Start of Block
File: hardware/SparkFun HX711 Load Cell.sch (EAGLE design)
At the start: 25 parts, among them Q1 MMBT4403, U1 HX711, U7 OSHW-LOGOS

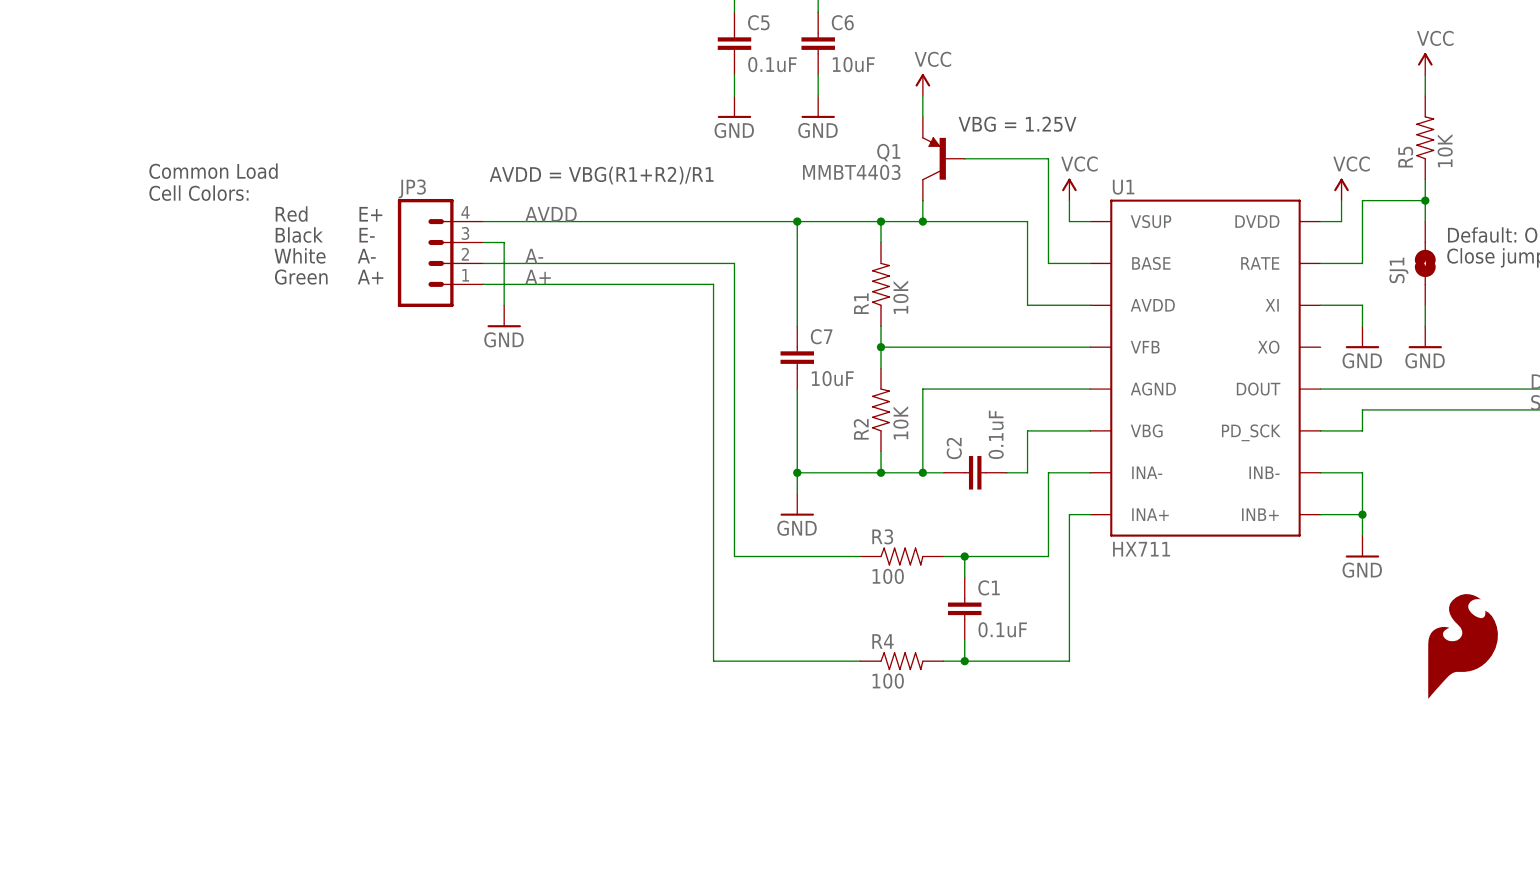
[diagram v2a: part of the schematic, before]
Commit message: Broke out channel B. Adjusted some traces.
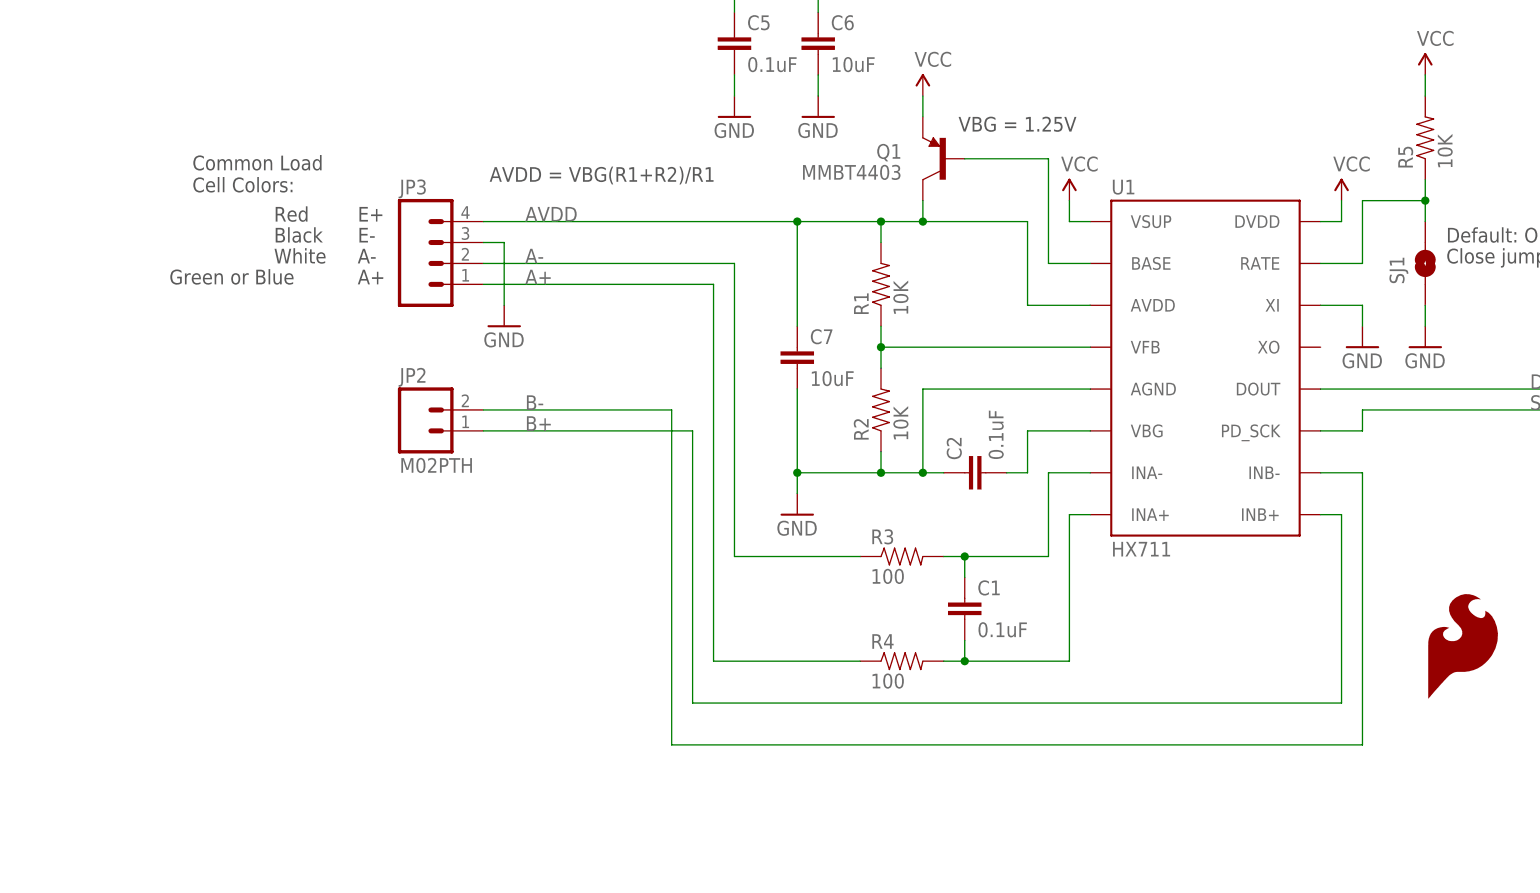
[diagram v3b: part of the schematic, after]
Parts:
- added JP2: M02PTH, SparkFun-Connectors:M02PTH
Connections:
- new net B+: JP2.1, U1.INB+
- new net B-: JP2.2, U1.INB-
- net GND: no longer U1.INB+, U1.INB-
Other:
- note added: "Green or Blue"
- note removed: "Green"
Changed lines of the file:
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@@
 <?xml version="1.0" encoding="utf-8"?>
 <!DOCTYPE eagle SYSTEM "eagle.dtd">
-<eagle version="6.5.0">
+<eagle version="7.1.0">
 <drawing>
 <settings>
@@
 <layer number="56" name="wert" color="7" fill="1" visible="no" active="no"/>
 <layer number="57" name="tCAD" color="7" fill="1" visible="no" active="no"/>
+<layer number="90" name="Modules" color="5" fill="1" visible="yes" active="yes"/>
 <layer number="91" name="Nets" color="2" fill="1" visible="yes" active="yes"/>
 <layer number="92" name="Busses" color="1" fill="1" visible="yes" active="yes"/>
@@
 <part name="GND5" library="SparkFun-Aesthetics" deviceset="GND" device=""/>
 <part name="JP3" library="SparkFun-Connectors" deviceset="M04" device="PTH"/>
-<part name="GND6" library="SparkFun-Aesthetics" deviceset="GND" device=""/>
 <part name="SUPPLY5" library="SparkFun-Aesthetics" deviceset="VCC" device=""/>
 <part name="R5" library="SparkFun-Resistors" deviceset="10KOHM1/10W1%(0603)" device="0603" value="10K"/>
@@
 <part name="FID1" library="SparkFun-Aesthetics" deviceset="FIDUCIAL" device="1X2"/>
 <part name="FID2" library="SparkFun-Aesthetics" deviceset="FIDUCIAL" device="1X2"/>
+<part name="JP2" library="SparkFun-Connectors" deviceset="M02" device="PTH"/>
 </parts>
 <sheets>
@@
 <text x="38.1" y="121.92" size="1.778" layer="97">Black</text>
 <text x="38.1" y="119.38" size="1.778" layer="97">White</text>
-<text x="38.1" y="116.84" size="1.778" layer="97">Green</text>
-<text x="22.86" y="127" size="1.778" layer="97">Common Load
+<text x="25.4" y="116.84" size="1.778" layer="97">Green or Blue</text>
+<text x="28.194" y="128.016" size="1.778" layer="97">Common Load
 Cell Colors:</text>
 <text x="172.72" y="10.16" size="1.778" layer="94">N. Seidle</text>
@@
 <instance part="GND5" gate="1" x="101.6" y="88.9"/>
 <instance part="JP3" gate="G$1" x="58.42" y="119.38"/>
-<instance part="GND6" gate="1" x="170.18" y="83.82"/>
 <instance part="SUPPLY5" gate="G$1" x="195.58" y="109.22"/>
 <instance part="R5" gate="G$1" x="177.8" y="134.62" rot="R90"/>
@@
 <instance part="FID1" gate="G$1" x="243.84" y="43.18"/>
 <instance part="FID2" gate="G$1" x="238.76" y="43.18"/>
+<instance part="JP2" gate="G$1" x="55.88" y="99.06"/>
 </instances>
 <busses>
@@
 <junction x="101.6" y="93.98"/>
 <pinref part="C2" gate="G$1" pin="1"/>
-</segment>
-<segment>
-<pinref part="U1" gate="U1" pin="INB-"/>
-<pinref part="GND6" gate="1" pin="GND"/>
-<wire x1="165.1" y1="93.98" x2="170.18" y2="93.98" width="0.1524" layer="91"/>
-<wire x1="170.18" y1="93.98" x2="170.18" y2="88.9" width="0.1524" layer="91"/>
-<pinref part="U1" gate="U1" pin="INB+"/>
-<wire x1="170.18" y1="88.9" x2="170.18" y2="86.36" width="0.1524" layer="91"/>
-<wire x1="165.1" y1="88.9" x2="170.18" y2="88.9" width="0.1524" layer="91"/>
-<junction x="170.18" y="88.9"/>
 </segment>
 <segment>
@@
 </segment>
 </net>
+<net name="B+" class="0">
+<segment>
+<pinref part="U1" gate="U1" pin="INB+"/>
+<wire x1="165.1" y1="88.9" x2="167.64" y2="88.9" width="0.1524" layer="91"/>
+<wire x1="167.64" y1="88.9" x2="167.64" y2="66.04" width="0.1524" layer="91"/>
+<wire x1="167.64" y1="66.04" x2="88.9" y2="66.04" width="0.1524" layer="91"/>
+<wire x1="88.9" y1="66.04" x2="88.9" y2="99.06" width="0.1524" layer="91"/>
+<pinref part="JP2" gate="G$1" pin="1"/>
+<wire x1="88.9" y1="99.06" x2="63.5" y2="99.06" width="0.1524" layer="91"/>
+<label x="68.58" y="99.06" size="1.778" layer="95"/>
+</segment>
+</net>
+<net name="B-" class="0">
+<segment>
+<pinref part="U1" gate="U1" pin="INB-"/>
+<wire x1="165.1" y1="93.98" x2="170.18" y2="93.98" width="0.1524" layer="91"/>
+<wire x1="170.18" y1="93.98" x2="170.18" y2="60.96" width="0.1524" layer="91"/>
+<wire x1="170.18" y1="60.96" x2="86.36" y2="60.96" width="0.1524" layer="91"/>
+<wire x1="86.36" y1="60.96" x2="86.36" y2="101.6" width="0.1524" layer="91"/>
+<pinref part="JP2" gate="G$1" pin="2"/>
+<wire x1="86.36" y1="101.6" x2="63.5" y2="101.6" width="0.1524" layer="91"/>
+<label x="68.58" y="101.6" size="1.778" layer="95"/>
+</segment>
+</net>

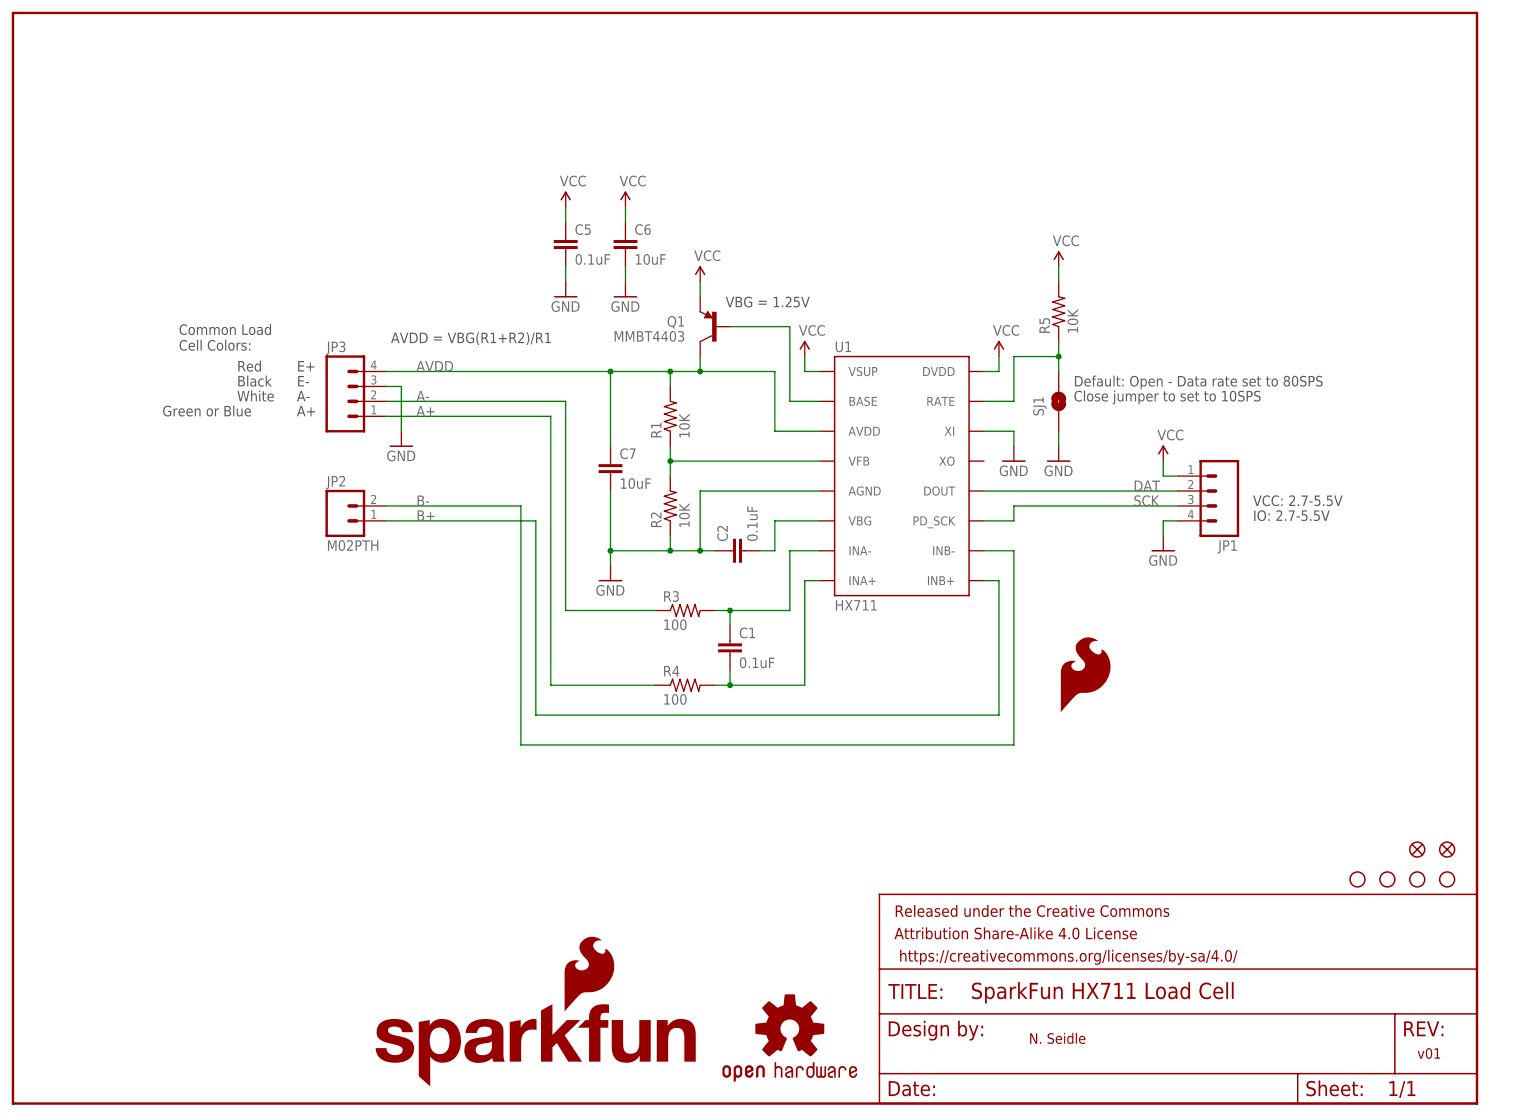
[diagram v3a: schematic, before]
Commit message: Silk label adjustment. Added cnt for shielding (yellow).
Some load cells have a 5th wire that is yellow that shields the four
wires. Added a ground connection for this 5th wire.
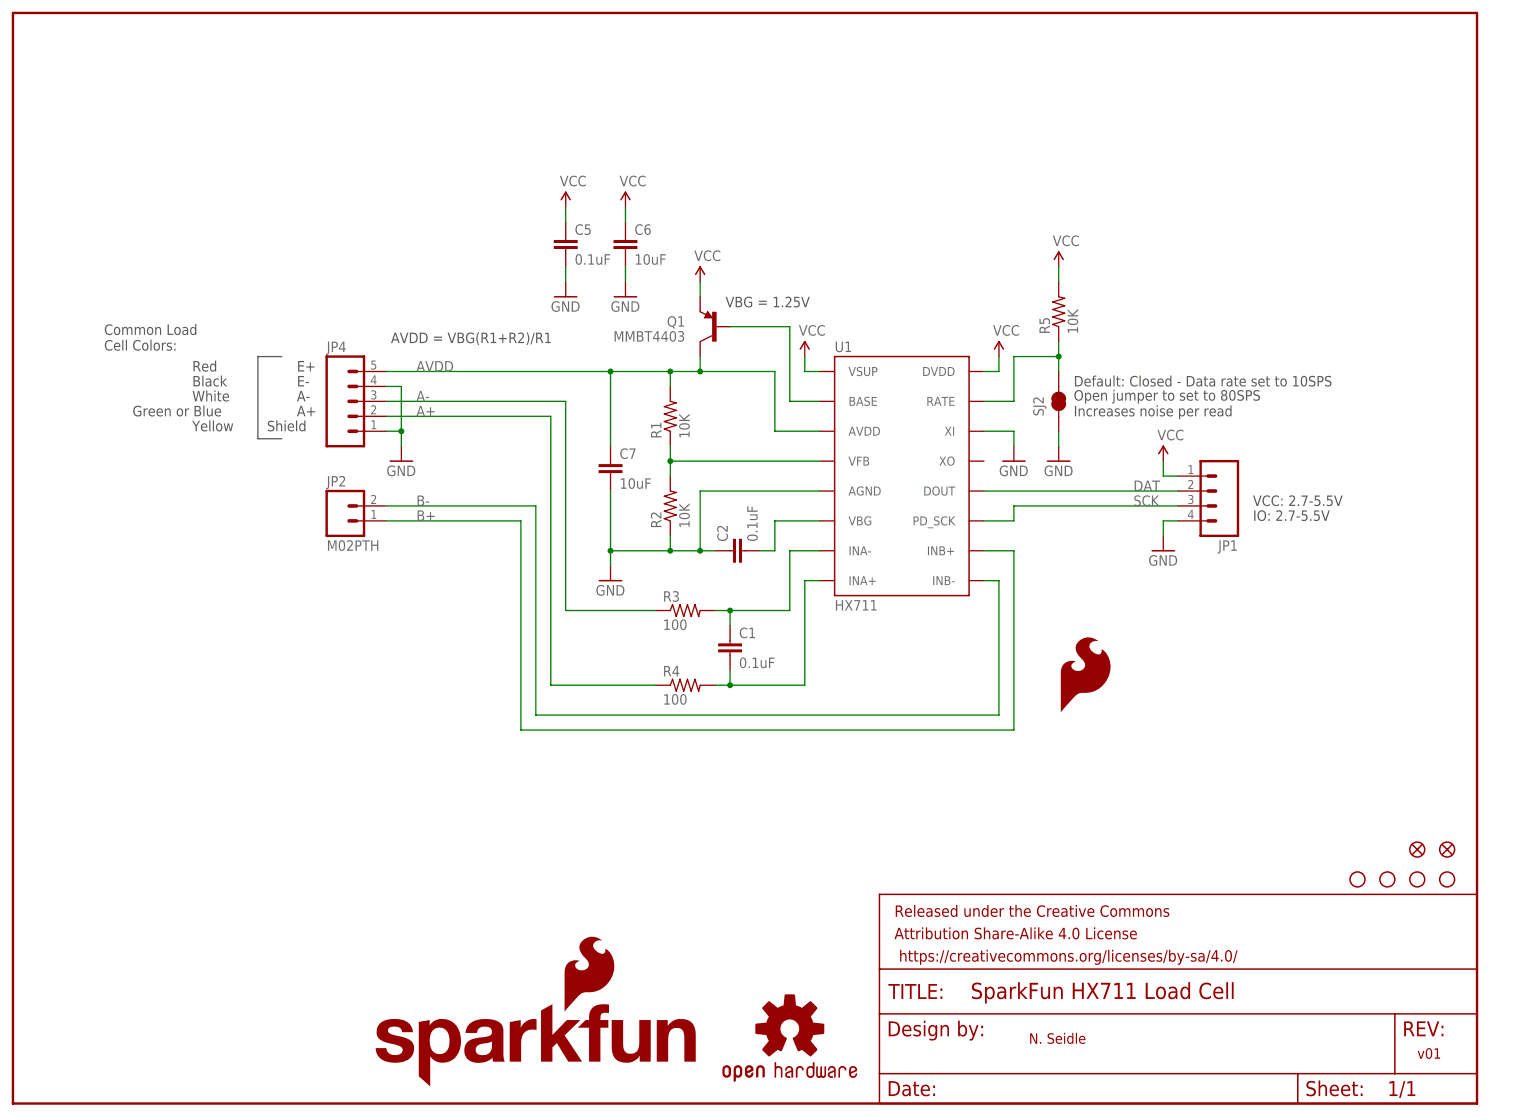
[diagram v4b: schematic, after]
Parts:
- removed JP3: (no value), SparkFun-Connectors:M04PTH
- removed SJ1: JUMPER-PAD-2-NOYES_SILK, SparkFun-Passives:JUMPER-PAD-2-NOYES_SILK
- added JP4: (no value), SparkFun-Connectors:M05PTH
- added SJ2: JUMPER-PAD-2-NC_BY_TRACE, SparkFun-Passives:JUMPER-PAD-2-NC_BY_TRACE
- R1, R2, R5: device SparkFun-Resistors:10KOHM1/10W1%(0603)0603 -> SparkFun-Resistors:10KOHM-1/10W-1%(0603)0603
- R3, R4: device SparkFun-Resistors:100OHM1/10W1%(0603) -> SparkFun-Resistors:100OHM-1/10W-1%(0603)
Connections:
- net A+: now also JP4.2; no longer JP3.1
- net A-: now also JP4.3; no longer JP3.2
- net AVDD: now also JP4.5; no longer JP3.4
- net GND: now also JP4.1, JP4.4, SJ2.1; no longer JP3.3, SJ1.1
- net N$1: now also SJ2.2; no longer SJ1.2
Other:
- note added: "Default: Closed - Data rate set to 10SPS"
- note added: "Open jumper to set to 80SPS Increases noise per read"
- note added: "Shield"
- note added: "Yellow"
- note removed: "Close jumper to set to 10SPS"
- note removed: "Default: Open - Data rate set to 80SPS"

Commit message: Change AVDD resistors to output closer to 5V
End of Block
Try it –
Lines with "before" in them are what the answer must contain; copy each from the records above.

Result for this task –
[diagram v2a: part of the schematic, before]
[diagram v3a: schematic, before]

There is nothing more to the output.